Q5: Minimum viable spec
Scope boundary: Read-only query interface. No write access. Queries project and
milestone records only. Does not surface financial data from
the billing module in this version.
Input format: Natural language text, up to 200 characters, submitted via
the existing global search bar component.
Output format: Structured JSON:
{
"risk_signals": [
{ "signal_type": string, "source_data": string }
],
"recommended_action": string
}
Rendered as one paragraph in the UI. Source data shown as
collapsed footnotes.
Acceptance criteria:
1. Output contains exactly three risk_signals objects.
2. Each risk_signal.source_data references a field present in the project record.
3. No date or deadline appears in the output that is not present in the project record.
4. recommended_action does not contradict the project.status field.
5. P95 response time under five seconds on a dataset of 50 active projects.
The workshop took 28 minutes. The spec went directly into the engineering brief. Engineering estimated the first implementation in the same session because the scope boundary was explicit.
Contrasting Example: What Happens Without the Workshop
The same team had tried to scope an AI meeting summary feature six weeks earlier without a structured process. After two weeks of async Slack discussion, they had:
- Three different interpretations of what "summary" meant (action items only, full transcript summary, or executive briefing format)
- No agreement on what to do when the AI summary contradicted what someone remembered saying
- An engineering estimate based on the most complex interpretation
The feature was put on hold. Running the workshop retroactively on the meeting summary feature took 35 minutes and produced a spec the team shipped in one sprint.
Implementation Workflow
Complete this workflow now, using a real AI feature from your current roadmap or planning backlog.
Choose your feature. Pick one planned AI capability your team has discussed but not formally scoped. If you have multiple candidates, choose the one where there is the most disagreement about what it should do.
Identify your attendees. Name one product person, one engineer, and one person who has direct contact with the users or customers this feature serves. You can run this solo as a planning exercise, but the output will be stronger with at least one other person.

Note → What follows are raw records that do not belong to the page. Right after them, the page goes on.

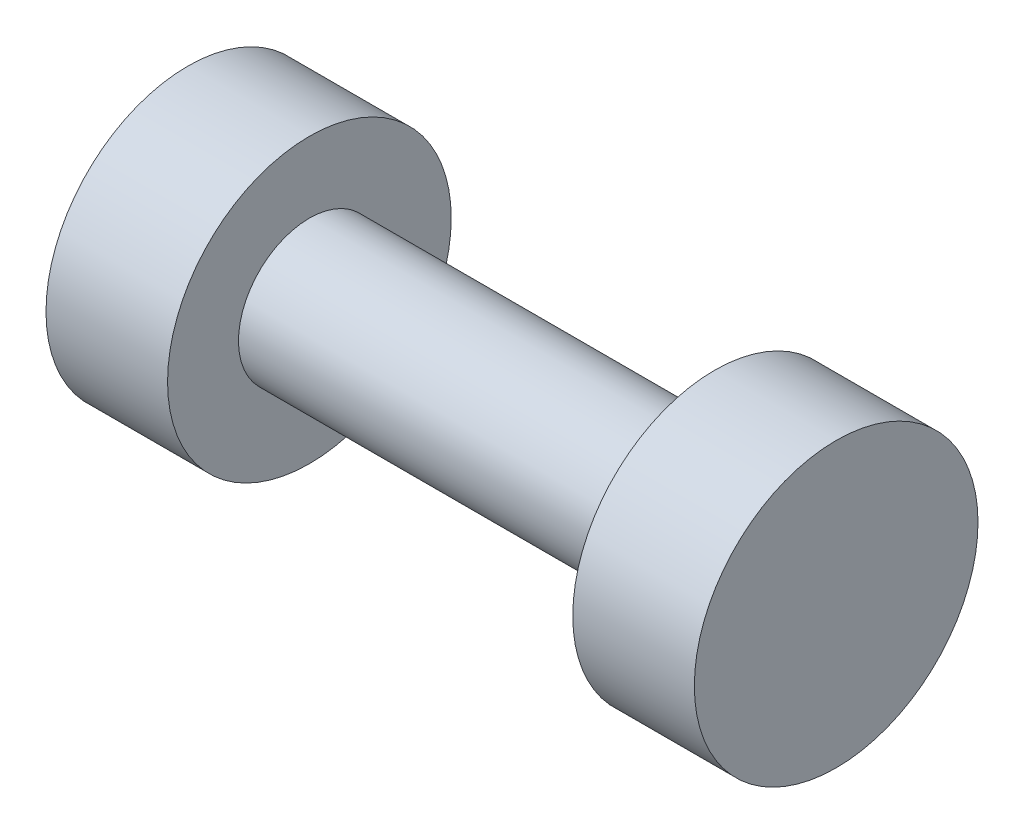
SolidWorks part; units mm, degrees
ref_plane "Front Plane" through (0, 0, 0) normal (0, 0, 1) x (1, 0, 0)
ref_plane "Top Plane" through (0, 0, 0) normal (0, 1, 0) x (1, 0, 0)
ref_plane "Right Plane" through (0, 0, 0) normal (1, 0, 0) x (0, 0, -1)
sketch "Sketch1" plane through (0, 0, 0) normal (0, 0, 1) x (1, 0, 0)
  line L0 (0, 0) -> (-124.2911, 0) construction
  line L1 (0, 0) -> (80, 0) construction
  line L2 (-80, 0) -> (-80, 35)
  line L3 (-80, 35) -> (-50, 35)
  line L4 (-50, 35) -> (-50, 17.5)
  line L5 (-50, 17.5) -> (50, 17.5)
  line L6 (50, 17.5) -> (50, 35)
  line L7 (50, 35) -> (80, 35)
  line L8 (80, 35) -> (80, 0)
  line L9 (80, 0) -> (-80, 0)
  point P9 (0, 0)
  point P12 (-80, 17.5)
  dimension "D1" = 35
  dimension "D2" = 30
  dimension "D3" = 100
  dimension "D4" = 30
revolve "Revolve1" add sketch "Sketch1" angle 360 about L9
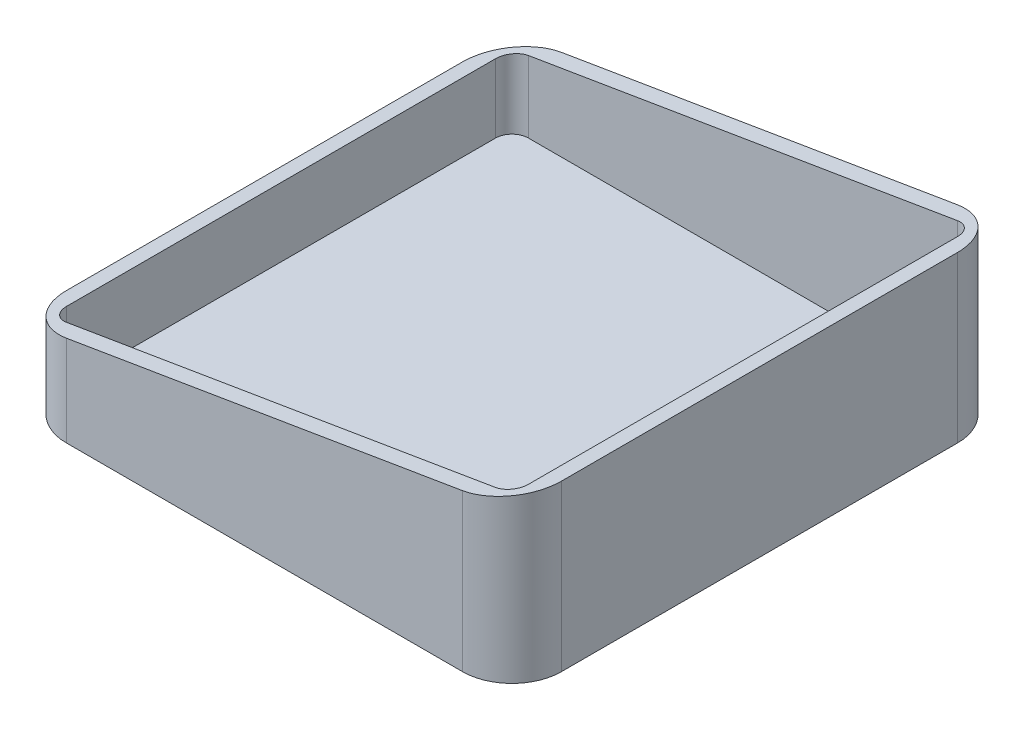
SolidWorks part; units mm, degrees
material "Custom Plastic"
ref_plane "Front Plane" through (0, 0, 0) normal (0, 0, 1) x (1, 0, 0)
ref_plane "Top Plane" through (0, 0, 0) normal (0, 1, 0) x (1, 0, 0)
ref_plane "Right Plane" through (0, 0, 0) normal (1, 0, 0) x (0, 0, -1)
sketch "Sketch1" plane through (0, 0, 0) normal (0, 0, 1) x (1, 0, 0)
  line L0 (-150, -16.6216) -> (150, -16.6216)
  line L1 (150, -16.6216) -> (150, 83.3784)
  line L2 (150, 83.3784) -> (-150, 33.3784)
  line L3 (-150, 33.3784) -> (-150, -16.6216)
  dimension "D1" = 300
  dimension "D2" = 100
  dimension "D3" = 50
  dimension "D4" = 90
extrude "Boss-Extrude1" add sketch "Sketch1" along normal blind 300
shell "Shell1" thickness 10
fillet "Fillet1" radius 30 4 edges at (-150, 8.3784, 0) (150, 33.3784, 0) (150, 33.3784, 300) (-150, 8.3784, 300)
fillet "Fillet2" radius 10 4 edges at (-140, 14.2117, 10) (-140, 14.2117, 290) (140, 37.545, 290) (140, 37.545, 10)

Set a 30-minute timer and open a shared doc.
Answer Q1: Job to be done. Write one sentence using the template: "A [role] who is [situation] wants to [action] so they can [outcome]." Do not move to Q2 until everyone agrees the sentence is accurate.
Answer Q2: Where does AI fit? Write the user-facing behaviour in three sentences: what the user inputs, what the AI does, what the user receives. Avoid architecture and infrastructure language here.
Answer Q3: Good output. Describe one example of output you would show a customer and be proud of. Be specific about format, length, and content. Write it as if you are describing a screenshot.
Answer Q4: Bad output. Name at least two failure modes. For each one, write one sentence that starts with "Bad output is..." or "Also bad:..." These become your QA rejection criteria.
Answer Q5: Minimum viable spec. Fill in the four fields from the template: scope boundary, input format, output format, and acceptance criteria. Write the acceptance criteria as numbered testable conditions. There should be between three and five.
Evaluate whether to proceed. After completing all five questions, ask: does this feature still make sense to build? Is the scope boundary realistic given your current data access and system architecture? Are the acceptance criteria achievable with the model and tooling you have? If the answer to any of these is no or uncertain, note it explicitly before the doc is closed.
File the spec. Attach the Q5 output to your feature ticket, PRD, or engineering brief. Share Q4 (bad output examples) with your QA lead before implementation begins.